§ TASK REQUIREMENTS
Pull every line of the entries that has the word "Rectangle".

§ TASK DATA
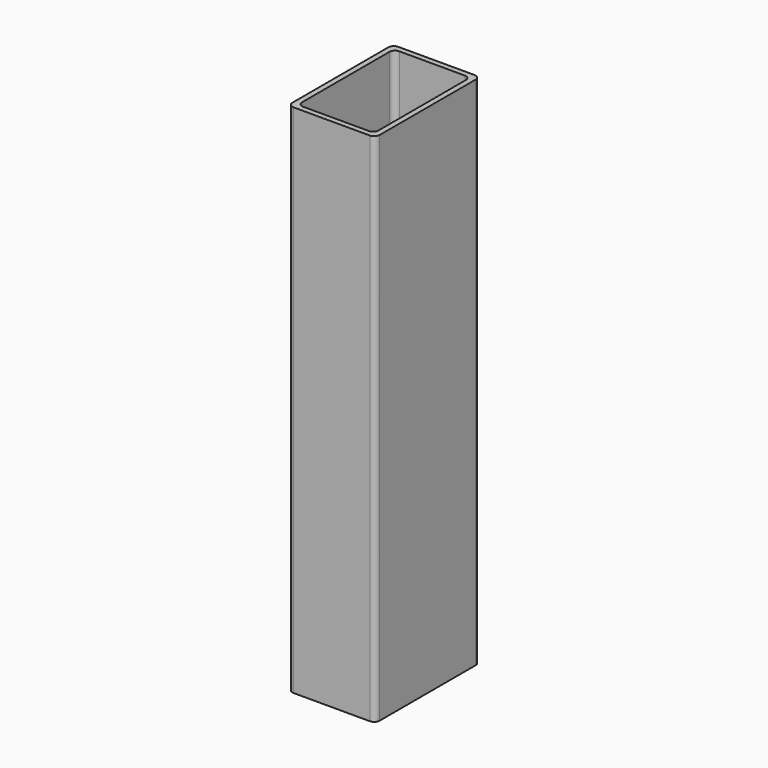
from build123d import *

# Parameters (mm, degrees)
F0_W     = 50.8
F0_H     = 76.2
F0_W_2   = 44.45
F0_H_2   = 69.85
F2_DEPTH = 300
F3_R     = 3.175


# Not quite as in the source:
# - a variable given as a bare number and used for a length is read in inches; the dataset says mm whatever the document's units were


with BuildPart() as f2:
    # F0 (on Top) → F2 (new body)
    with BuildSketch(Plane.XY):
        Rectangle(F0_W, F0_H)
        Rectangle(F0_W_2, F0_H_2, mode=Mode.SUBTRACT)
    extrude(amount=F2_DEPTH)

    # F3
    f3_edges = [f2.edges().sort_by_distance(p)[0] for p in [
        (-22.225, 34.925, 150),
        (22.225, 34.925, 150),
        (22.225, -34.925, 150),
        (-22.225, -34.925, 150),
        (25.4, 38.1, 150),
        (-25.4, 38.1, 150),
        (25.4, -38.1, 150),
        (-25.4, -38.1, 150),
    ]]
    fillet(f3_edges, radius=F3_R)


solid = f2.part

§ EXPECTED OUTPUT
        Rectangle(F0_W, F0_H)
        Rectangle(F0_W_2, F0_H_2, mode=Mode.SUBTRACT)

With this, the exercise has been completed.